The auditing requirements for a large healthcare provider can easily generate a million rows per day in the audit table. So, even if you run your audit reports for only a single day’s data, you'll have a lot of rows to process—far too many for a cursor or other looping mechanism to handle efficiently.

Set-Based Thinking

Note that the more efficient solution operates on whole sets of data, not on the individual rows. Compare this with the cursor solution, in which operations are repeated for each row in a set.

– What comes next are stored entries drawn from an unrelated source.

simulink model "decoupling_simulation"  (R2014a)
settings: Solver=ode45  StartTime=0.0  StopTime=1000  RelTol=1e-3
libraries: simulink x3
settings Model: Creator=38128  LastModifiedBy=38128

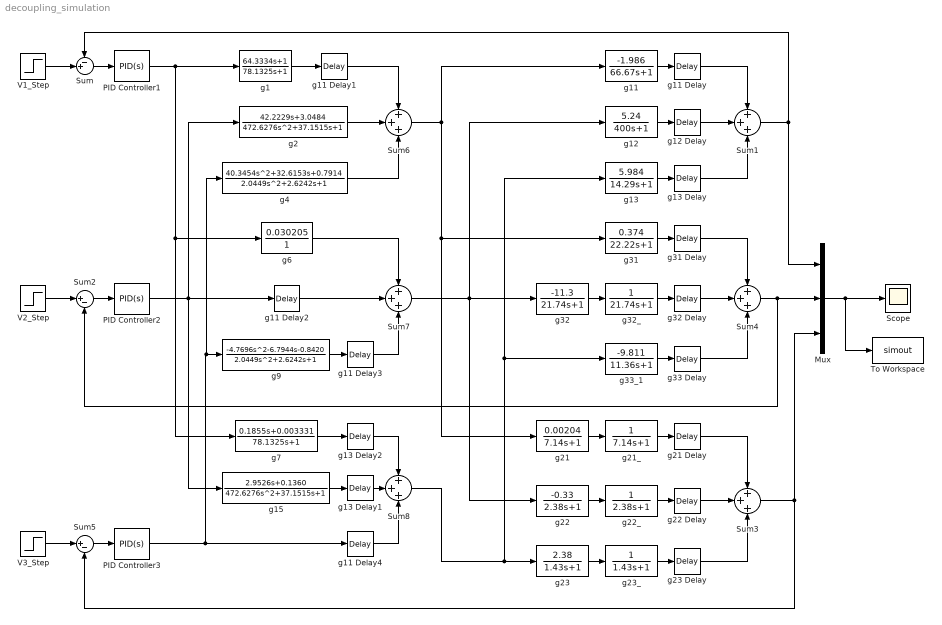
== system decoupling_simulation ==
  Mux : Mux  Inputs=3
  PID Controller1 : simulink/Continuous/PID Controller  Controller=PID  TimeDomain=Continuous-time  SampleTime=1  IntegratorMethod=Forward Euler  FilterMethod=Forward Euler  Form=Parallel  P=-1.9309  I=-0.0247  D=0  N=100  InitialConditionSource=internal  InitialConditionForIntegrator=0  InitialConditionForFilter=0  ExternalReset=none  LimitOutput=off  UpperSaturationLimit=inf  LowerSaturationLimit=-inf  LinearizeAsGain=on  AntiWindupMode=none  Kb=1  TrackingMode=off  Kt=1  PParamMin=[]  PParamMax=[]  IParamMin=[]  IParamMax=[]  DParamMin=[]  DParamMax=[]  NParamMin=[]  NParamMax=[]  KbParamMin=[]  KbParamMax=[]  KtParamMin=[]  KtParamMax=[]  POutMin=[]  POutMax=[]  IOutMin=[]  IOutMax=[]  DOutMin=[]  DOutMax=[]  NOutMin=[]  NOutMax=[]  KbOutMin=[]  KbOutMax=[]  KtOutMin=[]  KtOutMax=[]  IntegratorOutMin=[]  IntegratorOutMax=[]  FilterOutMin=[]  FilterOutMax=[]  SumOutMin=[]  SumOutMax=[]  SumI1OutMin=[]  SumI1OutMax=[]  SumI2OutMin=[]  SumI2OutMax=[]  SumI3OutMin=[]  SumI3OutMax=[]  SumDOutMin=[]  SumDOutMax=[]  SaturationOutMin=[]  SaturationOutMax=[]  IntegratorContinuousStateAttributes=''  IntegratorStateMustResolveToSignalObject=off  IntegratorRTWStateStorageClass=Auto  FilterContinuousStateAttributes=''  FilterStateMustResolveToSignalObject=off  FilterRTWStateStorageClass=Auto
  PID Controller2 : simulink/Continuous/PID Controller  Controller=PID  TimeDomain=Continuous-time  SampleTime=1  IntegratorMethod=Forward Euler  FilterMethod=Forward Euler  Form=Parallel  P=-0.3503  I=-0.0094  D=-1  N=100  InitialConditionSource=internal  InitialConditionForIntegrator=0  InitialConditionForFilter=0  ExternalReset=none  LimitOutput=off  UpperSaturationLimit=inf  LowerSaturationLimit=-inf  LinearizeAsGain=on  AntiWindupMode=none  Kb=1  TrackingMode=off  Kt=1  PParamMin=[]  PParamMax=[]  IParamMin=[]  IParamMax=[]  DParamMin=[]  DParamMax=[]  NParamMin=[]  NParamMax=[]  KbParamMin=[]  KbParamMax=[]  KtParamMin=[]  KtParamMax=[]  POutMin=[]  POutMax=[]  IOutMin=[]  IOutMax=[]  DOutMin=[]  DOutMax=[]  NOutMin=[]  NOutMax=[]  KbOutMin=[]  KbOutMax=[]  KtOutMin=[]  KtOutMax=[]  IntegratorOutMin=[]  IntegratorOutMax=[]  FilterOutMin=[]  FilterOutMax=[]  SumOutMin=[]  SumOutMax=[]  SumI1OutMin=[]  SumI1OutMax=[]  SumI2OutMin=[]  SumI2OutMax=[]  SumI3OutMin=[]  SumI3OutMax=[]  SumDOutMin=[]  SumDOutMax=[]  SaturationOutMin=[]  SaturationOutMax=[]  IntegratorContinuousStateAttributes=''  IntegratorStateMustResolveToSignalObject=off  IntegratorRTWStateStorageClass=Auto  FilterContinuousStateAttributes=''  FilterStateMustResolveToSignalObject=off  FilterRTWStateStorageClass=Auto
  PID Controller3 : simulink/Continuous/PID Controller  Controller=PID  TimeDomain=Continuous-time  SampleTime=1  IntegratorMethod=Forward Euler  FilterMethod=Forward Euler  Form=Parallel  P=0.3034  I=0.1156  D=0.2364  N=100  InitialConditionSource=internal  InitialConditionForIntegrator=0  InitialConditionForFilter=0  ExternalReset=none  LimitOutput=off  UpperSaturationLimit=inf  LowerSaturationLimit=-inf  LinearizeAsGain=on  AntiWindupMode=none  Kb=1  TrackingMode=off  Kt=1  PParamMin=[]  PParamMax=[]  IParamMin=[]  IParamMax=[]  DParamMin=[]  DParamMax=[]  NParamMin=[]  NParamMax=[]  KbParamMin=[]  KbParamMax=[]  KtParamMin=[]  KtParamMax=[]  POutMin=[]  POutMax=[]  IOutMin=[]  IOutMax=[]  DOutMin=[]  DOutMax=[]  NOutMin=[]  NOutMax=[]  KbOutMin=[]  KbOutMax=[]  KtOutMin=[]  KtOutMax=[]  IntegratorOutMin=[]  IntegratorOutMax=[]  FilterOutMin=[]  FilterOutMax=[]  SumOutMin=[]  SumOutMax=[]  SumI1OutMin=[]  SumI1OutMax=[]  SumI2OutMin=[]  SumI2OutMax=[]  SumI3OutMin=[]  SumI3OutMax=[]  SumDOutMin=[]  SumDOutMax=[]  SaturationOutMin=[]  SaturationOutMax=[]  IntegratorContinuousStateAttributes=''  IntegratorStateMustResolveToSignalObject=off  IntegratorRTWStateStorageClass=Auto  FilterContinuousStateAttributes=''  FilterStateMustResolveToSignalObject=off  FilterRTWStateStorageClass=Auto
  Scope : Scope
  Sum : Sum  Inputs=-+|
  Sum{1,3..4,6..8} (6 alike) : Sum  Inputs=+++
  Sum2 : Sum  Inputs=|+-
  Sum5 : Sum  Inputs=|+-
  To Workspace : ToWorkspace  VariableName=simout  SaveFormat=Timeseries  SampleTime=-1
  V1_Step : Step  SampleTime=0
  V2_Step : Step  Time=250  SampleTime=0
  V3_Step : Step  Time=500  SampleTime=0
  g1 : TransferFcn  Numerator=[64.3334 1]  Denominator=[78.1325 1]
  g11 : TransferFcn  Numerator=[-1.986]  Denominator=[66.67 1]
  g11 Delay : TransportDelay  DelayTime=0.71
  g11 Delay1 : TransportDelay  DelayTime=11.0348
  g11 Delay2 : TransportDelay  DelayTime=1.5926
  g11 Delay3 : TransportDelay  DelayTime=0.55
  g11 Delay4 : TransportDelay  DelayTime=1.3174
  g12 : TransferFcn  Numerator=[5.24]  Denominator=[400 1]
  g12 Delay : TransportDelay  DelayTime=60
  g13 : TransferFcn  Numerator=[5.984]  Denominator=[14.29 1]
  g13 Delay : TransportDelay  DelayTime=2.24
  g13 Delay1 : TransportDelay  DelayTime=1.7933
  g13 Delay2 : TransportDelay  DelayTime=2.9894
  g15 : TransferFcn  Numerator=[2.9526 0.1360]  Denominator=[472.6276 37.1515 1]
  g2 : TransferFcn  Numerator=[42.2229 3.0484]  Denominator=[472.6276 37.1515 1]
  g21 : TransferFcn  Numerator=[0.00204]  Denominator=[7.14 1]
  g21 Delay : TransportDelay  DelayTime=0.59
  g21_ : TransferFcn  Denominator=[7.14 1]
  g22 : TransferFcn  Numerator=[-0.33]  Denominator=[2.38 1]
  g22 Delay : TransportDelay  DelayTime=0.68
  g22_ : TransferFcn  Denominator=[2.38 1]
  g23 : TransferFcn  Numerator=[2.38]  Denominator=[1.43 1]
  g23 Delay : TransportDelay  DelayTime=0.42
  g23_ : TransferFcn  Denominator=[1.43 1]
  g31 : TransferFcn  Numerator=[0.374]  Denominator=[22.22 1]
  g31 Delay : TransportDelay  DelayTime=7.75
  g32 : TransferFcn  Numerator=[-11.3]  Denominator=[21.74 1]
  g32 Delay : TransportDelay  DelayTime=3.79
  g32_ : TransferFcn  Denominator=[21.74 1]
  g33 Delay : TransportDelay  DelayTime=1.59
  g33_1 : TransferFcn  Numerator=[-9.811]  Denominator=[11.36 1]
  g4 : TransferFcn  Numerator=[40.3454 32.6153 0.7914]  Denominator=[2.0449 2.6242 1]
  g6 : TransferFcn  Numerator=[ 0.030205]  Denominator=[1]
  g7 : TransferFcn  Numerator=[0.1855 0.003331]  Denominator=[78.1325 1]
  g9 : TransferFcn  Numerator=[-4.7696 -6.7944 -0.8420]  Denominator=[2.0449 2.6242 1]
  wires:
  Sum/1 -> PID Controller1/1
  Sum5/1 -> PID Controller3/1
  V1_Step/1 -> Sum/2
  Sum2/1 -> PID Controller2/1
  Mux/1 -> Scope/1, To Workspace/1
  g1/1 -> g11 Delay1/1
  g11 Delay1/1 -> Sum6/1
  g2/1 -> Sum6/2
  PID Controller1/1 -> g1/1, g7/1, g6/1
  g6/1 -> Sum7/1
  g11 Delay2/1 -> Sum7/2
  g11 Delay3/1 -> Sum7/3
  g13 Delay2/1 -> Sum8/1
  g13 Delay1/1 -> Sum8/2
  g11 Delay4/1 -> Sum8/3
  g7/1 -> g13 Delay2/1
  PID Controller2/1 -> g11 Delay2/1, g2/1, g15/1
  g9/1 -> g11 Delay3/1
  g15/1 -> g13 Delay1/1
  PID Controller3/1 -> g11 Delay4/1, g9/1, g4/1
  Sum6/1 -> g11/1, g31/1, g21/1
  g11/1 -> g11 Delay/1
  g11 Delay/1 -> Sum1/1
  g12/1 -> g12 Delay/1
  g13/1 -> g13 Delay/1
  g12 Delay/1 -> Sum1/2
  g13 Delay/1 -> Sum1/3
  g21_/1 -> g21 Delay/1
  g21 Delay/1 -> Sum3/1
  g22_/1 -> g22 Delay/1
  g22 Delay/1 -> Sum3/2
  g23 Delay/1 -> Sum3/3
  g21/1 -> g21_/1
  g22/1 -> g22_/1
  g23_/1 -> g23 Delay/1
  g23/1 -> g23_/1
  g31/1 -> g31 Delay/1
  g31 Delay/1 -> Sum4/1
  g32_/1 -> g32 Delay/1
  g32 Delay/1 -> Sum4/2
  g33 Delay/1 -> Sum4/3
  g32/1 -> g32_/1
  g33_1/1 -> g33 Delay/1
  Sum7/1 -> g32/1, g12/1, g22/1
  Sum8/1 -> g23/1, g33_1/1, g13/1
  Sum1/1 -> Sum/1, Mux/1
  Sum4/1 -> Mux/2, Sum2/2
  Sum3/1 -> Sum5/2, Mux/3
  g4/1 -> Sum6/3
  V3_Step/1 -> Sum5/1
  V2_Step/1 -> Sum2/1

Nothing in this simple example is rocket science. You'll encounter SQL problems that are much more difficult to solve in a set-based way and some that are impossible. However, even this example requires a significant mental adjustment for programmers new to SQL programming. It requires a conscious effort to pull yourself out of your comfort zone and think in a new way. Even in the most difficult situations, don’t give up on a set-based solution until you've given it a fair amount of thought.